- Nickname: a.k.a. Mackeys
- Interactive map of Mackeys Ferry, North Carolina
- Coordinates: 35°56′01″N 76°36′40″W﻿ / ﻿35.93361°N 76.61111°W
- Country: United States
- State: North Carolina
- County: Washington
- Elevation: 10 ft (3.0 m)
- Time zone: UTC-5 (Eastern (EST))
- • Summer (DST): UTC-4 (EDT)
- ZIP code: 27970 (Roper, NC)
- Area code: 252
- GNIS feature ID: 989213

= Mackeys Ferry, North Carolina =

Mackeys Ferry, a.k.a. Mackeys, is an unincorporated community in Washington County, North Carolina, United States. Mackeys Ferry is located in North Carolina's Inner Banks region and is located at the mouth of the Mackeys Creek on the south side of the Albemarle Sound.

==Railroad history==
The Norfolk Southern Railway ran through Mackeys Ferry since the turn of the 20th century. Branch lines ran from Mackeys Ferry to Columbia and to Belhaven.
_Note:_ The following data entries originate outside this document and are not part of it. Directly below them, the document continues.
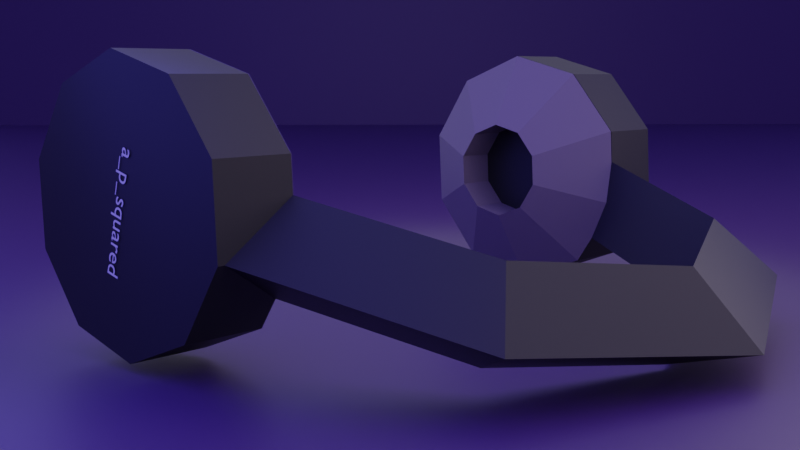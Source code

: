 # Source: Headphones.blend  (saved by Blender 2.83.19; exported with 4.5.12 LTS)
import bpy
from mathutils import Matrix  # noqa: F401  (used for matrix-valued properties, if any)

bpy.ops.wm.read_factory_settings(use_empty=True)
scene = bpy.context.scene
scene.name = 'Scene'

# ---- collections
col_collection = bpy.data.collections.new('Collection'); scene.collection.children.link(col_collection)

# ---- materials (node trees are filled in below, after node groups)
mat_body = bpy.data.materials.new('Body')
mat_earcup = bpy.data.materials.new('EarCup')
mat_text = bpy.data.materials.new('Text')
mat_ground = bpy.data.materials.new('Ground')

# ---- material node trees
mat_body.use_nodes = True; mat_body.node_tree.nodes.clear()
_N = mat_body.node_tree.nodes; _L = mat_body.node_tree.links
n0 = _N.new('ShaderNodeBsdfPrincipled'); n0.name = 'Principled BSDF'; n0.location = (10, 300)
n0.distribution = 'GGX'
n0.subsurface_method = 'BURLEY'
n0.inputs[0].default_value = (0.008561, 0.008561, 0.008561, 1.0)
n0.inputs[3].default_value = 1.45
n0.inputs[27].default_value = (0.0, 0.0, 0.0, 1.0)
n0.inputs[28].default_value = 1.0
n1 = _N.new('ShaderNodeOutputMaterial'); n1.name = 'Material Output'; n1.location = (300, 300)
_L.new(n0.outputs[0], n1.inputs[0])
n1.is_active_output = True
mat_earcup.use_nodes = True; mat_earcup.node_tree.nodes.clear()
_N = mat_earcup.node_tree.nodes; _L = mat_earcup.node_tree.links
n0 = _N.new('ShaderNodeBsdfPrincipled'); n0.name = 'Principled BSDF'; n0.location = (10, 300)
n0.distribution = 'GGX'
n0.subsurface_method = 'BURLEY'
n0.inputs[0].default_value = (0.1924, 0.1587, 0.1569, 1.0)
n0.inputs[3].default_value = 1.45
n0.inputs[27].default_value = (0.0, 0.0, 0.0, 1.0)
n0.inputs[28].default_value = 1.0
n1 = _N.new('ShaderNodeOutputMaterial'); n1.name = 'Material Output'; n1.location = (300, 300)
_L.new(n0.outputs[0], n1.inputs[0])
n1.is_active_output = True
mat_text.use_nodes = True; mat_text.node_tree.nodes.clear()
_N = mat_text.node_tree.nodes; _L = mat_text.node_tree.links
n0 = _N.new('ShaderNodeBsdfPrincipled'); n0.name = 'Principled BSDF'; n0.location = (10, 300)
n0.distribution = 'GGX'
n0.subsurface_method = 'BURLEY'
n0.inputs[3].default_value = 1.45
n0.inputs[27].default_value = (0.0, 0.0, 0.0, 1.0)
n0.inputs[28].default_value = 1.0
n1 = _N.new('ShaderNodeOutputMaterial'); n1.name = 'Material Output'; n1.location = (300, 300)
_L.new(n0.outputs[0], n1.inputs[0])
n1.is_active_output = True
mat_ground.use_nodes = True; mat_ground.node_tree.nodes.clear()
_N = mat_ground.node_tree.nodes; _L = mat_ground.node_tree.links
n0 = _N.new('ShaderNodeBsdfPrincipled'); n0.name = 'Principled BSDF'; n0.location = (10, 300)
n0.distribution = 'GGX'
n0.subsurface_method = 'BURLEY'
n0.inputs[0].default_value = (0.05978, 0.02442, 0.1122, 1.0)
n0.inputs[3].default_value = 1.45
n0.inputs[27].default_value = (0.0, 0.0, 0.0, 1.0)
n0.inputs[28].default_value = 1.0
n1 = _N.new('ShaderNodeOutputMaterial'); n1.name = 'Material Output'; n1.location = (300, 300)
_L.new(n0.outputs[0], n1.inputs[0])
n1.is_active_output = True

# ---- world
world_world = bpy.data.worlds.new('World'); scene.world = world_world
world_world.use_nodes = True; world_world.node_tree.nodes.clear()
_N = world_world.node_tree.nodes; _L = world_world.node_tree.links
n0 = _N.new('ShaderNodeOutputWorld'); n0.name = 'World Output'; n0.location = (300, 300)
n1 = _N.new('ShaderNodeBackground'); n1.name = 'Background'; n1.location = (10, 300)
n1.inputs[0].default_value = (0.02393, 0.0192, 0.07618, 1.0)
n1.inputs[1].default_value = 6.9
_L.new(n1.outputs[0], n0.inputs[0])
n0.is_active_output = True
world_world.color = (0.05088, 0.05088, 0.05088)
world_world.use_sun_shadow = False
world_world.sun_shadow_jitter_overblur = 0.0

# ---- cameras
cam_camera = bpy.data.cameras.new('Camera')
cam_camera.clip_end = 100.0
cam_camera.ortho_scale = 7.314

# ---- lights
light_point = bpy.data.lights.new('Point', 'POINT')
light_point.color = (0.1326, 0.1226, 1.0)
light_point.transmission_factor = 0.0
light_point.shadow_soft_size = 0.49
light_point.shadow_maximum_resolution = 0.006
light_point.use_absolute_resolution = True
light_point_001 = bpy.data.lights.new('Point.001', 'POINT')
light_point_001.color = (1.0, 0.8504, 0.7978)
light_point_001.transmission_factor = 0.0
light_point_001.energy = 6.0
light_point_001.shadow_soft_size = 0.49
light_point_001.shadow_maximum_resolution = 0.006
light_point_001.use_absolute_resolution = True
light_point_002 = bpy.data.lights.new('Point.002', 'POINT')
light_point_002.color = (0.5004, 0.5004, 0.5004)
light_point_002.transmission_factor = 0.0
light_point_002.energy = 5.0
light_point_002.shadow_soft_size = 0.49
light_point_002.shadow_maximum_resolution = 0.006
light_point_002.use_absolute_resolution = True

# ---- meshes
me_cylinder = bpy.data.meshes.new('Cylinder')
me_cylinder.from_pydata([(0.0, 0.05, -0.015), (0.0, 0.05, 0.015), (0.02939, 0.04045, -0.015), (0.02939, 0.04045, 0.015), (0.04755, 0.01545, -0.015), (0.04755, 0.01545, 0.015), (0.04755, -0.01545, -0.015), (0.04755, -0.01545, 0.015), (0.02939, -0.04045, -0.015), (0.02939, -0.04045, 0.015), (-4.371e-09, -0.05, -0.015), (-4.371e-09, -0.05, 0.015), (-0.02939, -0.04045, -0.015), (-0.02939, -0.04045, 0.015), (-0.04755, -0.01545, -0.015), (-0.04755, -0.01545, 0.015), (-0.04755, 0.01545, -0.015), (-0.04755, 0.01545, 0.015), (-0.02939, 0.04045, -0.015), (-0.02939, 0.04045, 0.015)], [], [(0, 1, 3, 2), (2, 3, 5, 4), (4, 5, 7, 6), (6, 7, 9, 8), (8, 9, 11, 10), (10, 11, 13, 12), (12, 13, 15, 14), (14, 15, 17, 16), (3, 1, 19, 17, 15, 13, 11, 9, 7, 5), (16, 17, 19, 18), (18, 19, 1, 0), (0, 2, 4, 6, 8, 10, 12, 14, 16, 18)])
_uv = me_cylinder.uv_layers.new(name='UVMap')
_uv.uv.foreach_set('vector', [1.0, 0.5, 1.0, 1.0, 0.9, 1.0, 0.9, 0.5, 0.9, 0.5, 0.9, 1.0, 0.8, 1.0, 0.8, 0.5, 0.8, 0.5, 0.8, 1.0, 0.7, 1.0, 0.7, 0.5, 0.7, 0.5, 0.7, 1.0, 0.6, 1.0, 0.6, 0.5, 0.6, 0.5, 0.6, 1.0, 0.5, 1.0, 0.5, 0.5, 0.5, 0.5, 0.5, 1.0, 0.4, 1.0, 0.4, 0.5, 0.4, 0.5, 0.4, 1.0, 0.3, 1.0, 0.3, 0.5, 0.3, 0.5, 0.3, 1.0, 0.2, 1.0, 0.2, 0.5, 0.3911, 0.4442, 0.25, 0.49, 0.1089, 0.4442, 0.02175, 0.3242, 0.02175, 0.1758, 0.1089, 0.05584, 0.25, 0.01, 0.3911, 0.05584, 0.4783, 0.1758, 0.4783, 0.3242, 0.2, 0.5, 0.2, 1.0, 0.1, 1.0, 0.1, 0.5, 0.1, 0.5, 0.1, 1.0, -7.451e-08, 1.0, -7.451e-08, 0.5, 0.75, 0.49, 0.8911, 0.4442, 0.9783, 0.3242, 0.9783, 0.1758, 0.8911, 0.05584, 0.75, 0.01, 0.6089, 0.05584, 0.5217, 0.1758, 0.5217, 0.3242, 0.6089, 0.4442])
me_cylinder.materials.append(mat_body)
me_cylinder.use_remesh_fix_poles = True
me_cylinder.use_remesh_preserve_attributes = False
me_cylinder.use_mirror_vertex_groups = False
me_cylinder.update()
me_torus = bpy.data.meshes.new('Torus')
me_torus.from_pydata([(0.05, 0.0, 0.0), (0.02, 0.0, 0.01732), (0.02, 0.0, -0.01732), (0.04045, 0.02939, 0.0), (0.01618, 0.01176, 0.01732), (0.01618, 0.01176, -0.01732), (0.01545, 0.04755, 0.0), (0.00618, 0.01902, 0.01732), (0.00618, 0.01902, -0.01732), (-0.01545, 0.04755, 0.0), (-0.00618, 0.01902, 0.01732), (-0.00618, 0.01902, -0.01732), (-0.04045, 0.02939, 0.0), (-0.01618, 0.01176, 0.01732), (-0.01618, 0.01176, -0.01732), (-0.05, 4.371e-09, 0.0), (-0.02, 1.748e-09, 0.01732), (-0.02, 1.748e-09, -0.01732), (-0.04045, -0.02939, 0.0), (-0.01618, -0.01176, 0.01732), (-0.01618, -0.01176, -0.01732), (-0.01545, -0.04755, 0.0), (-0.00618, -0.01902, 0.01732), (-0.00618, -0.01902, -0.01732), (0.01545, -0.04755, 0.0), (0.00618, -0.01902, 0.01732), (0.00618, -0.01902, -0.01732), (0.04045, -0.02939, 0.0), (0.01618, -0.01176, 0.01732), (0.01618, -0.01176, -0.01732)], [], [(0, 3, 4, 1), (1, 4, 5, 2), (2, 5, 3, 0), (3, 6, 7, 4), (4, 7, 8, 5), (5, 8, 6, 3), (6, 9, 10, 7), (7, 10, 11, 8), (8, 11, 9, 6), (9, 12, 13, 10), (10, 13, 14, 11), (11, 14, 12, 9), (12, 15, 16, 13), (13, 16, 17, 14), (14, 17, 15, 12), (15, 18, 19, 16), (16, 19, 20, 17), (17, 20, 18, 15), (18, 21, 22, 19), (19, 22, 23, 20), (20, 23, 21, 18), (21, 24, 25, 22), (22, 25, 26, 23), (23, 26, 24, 21), (24, 27, 28, 25), (25, 28, 29, 26), (26, 29, 27, 24), (27, 0, 1, 28), (28, 1, 2, 29), (29, 2, 0, 27)])
_uv = me_torus.uv_layers.new(name='UVMap')
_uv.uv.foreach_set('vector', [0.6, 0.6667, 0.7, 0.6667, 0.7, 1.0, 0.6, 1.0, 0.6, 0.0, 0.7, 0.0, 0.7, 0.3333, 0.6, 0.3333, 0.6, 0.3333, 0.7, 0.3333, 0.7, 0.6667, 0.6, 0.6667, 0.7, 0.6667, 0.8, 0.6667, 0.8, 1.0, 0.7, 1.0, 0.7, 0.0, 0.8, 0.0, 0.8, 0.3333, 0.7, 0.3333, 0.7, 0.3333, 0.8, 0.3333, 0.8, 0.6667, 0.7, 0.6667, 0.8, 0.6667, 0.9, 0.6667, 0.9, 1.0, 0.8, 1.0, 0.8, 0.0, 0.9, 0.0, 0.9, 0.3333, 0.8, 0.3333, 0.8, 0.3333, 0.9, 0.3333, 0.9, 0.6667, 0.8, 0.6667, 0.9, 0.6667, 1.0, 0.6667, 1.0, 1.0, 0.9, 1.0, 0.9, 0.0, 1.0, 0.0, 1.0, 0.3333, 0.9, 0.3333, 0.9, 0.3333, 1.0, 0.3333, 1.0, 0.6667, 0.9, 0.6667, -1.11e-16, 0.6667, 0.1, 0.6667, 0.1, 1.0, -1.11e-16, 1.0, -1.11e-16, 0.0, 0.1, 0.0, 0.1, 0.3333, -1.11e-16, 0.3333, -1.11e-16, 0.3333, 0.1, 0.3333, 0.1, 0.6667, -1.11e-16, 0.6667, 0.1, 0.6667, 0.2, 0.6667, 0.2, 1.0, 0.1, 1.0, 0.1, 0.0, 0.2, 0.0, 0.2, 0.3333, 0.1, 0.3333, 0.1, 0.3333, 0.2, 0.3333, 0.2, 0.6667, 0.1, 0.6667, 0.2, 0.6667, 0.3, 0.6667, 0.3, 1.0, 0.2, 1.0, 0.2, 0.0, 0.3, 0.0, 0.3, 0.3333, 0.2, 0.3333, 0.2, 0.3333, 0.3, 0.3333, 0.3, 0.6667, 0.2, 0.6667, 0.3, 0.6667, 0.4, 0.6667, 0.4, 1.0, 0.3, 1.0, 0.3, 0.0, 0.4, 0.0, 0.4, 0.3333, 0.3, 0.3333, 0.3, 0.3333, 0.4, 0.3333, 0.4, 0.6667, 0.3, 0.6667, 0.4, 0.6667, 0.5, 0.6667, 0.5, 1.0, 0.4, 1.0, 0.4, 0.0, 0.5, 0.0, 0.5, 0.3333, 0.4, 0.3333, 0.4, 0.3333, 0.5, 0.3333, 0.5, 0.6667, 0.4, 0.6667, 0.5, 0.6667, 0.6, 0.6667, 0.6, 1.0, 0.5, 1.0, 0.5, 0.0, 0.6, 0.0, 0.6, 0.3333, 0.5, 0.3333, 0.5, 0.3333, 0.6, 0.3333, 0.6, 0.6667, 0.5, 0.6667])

These branch lines connected to the main line that ran between Raleigh, via Plymouth, and Norfolk via Edenton and Elizabeth City.

Prior to the Albemarle Sound Trestle being built, trains used to cross to Edenton via a ferry. In 1910 the Norfolk Southern Railroad built a wooden trestle bridging the 5.05 mi from Mackeys to Edenton In the late 1980s Norfolk Southern discontinued use of the Albemarle Sound Trestle due to maintenance costs and subsequently dismantled it. This created a spur line from Plymouth to Mackeys. Agriculture products were loaded at the site where the Mackeys Ferry train station used to be until 2004 when the tracks were removed. Today the tracks only run a mile outside the Plymouth city limits to the east into the industrial park.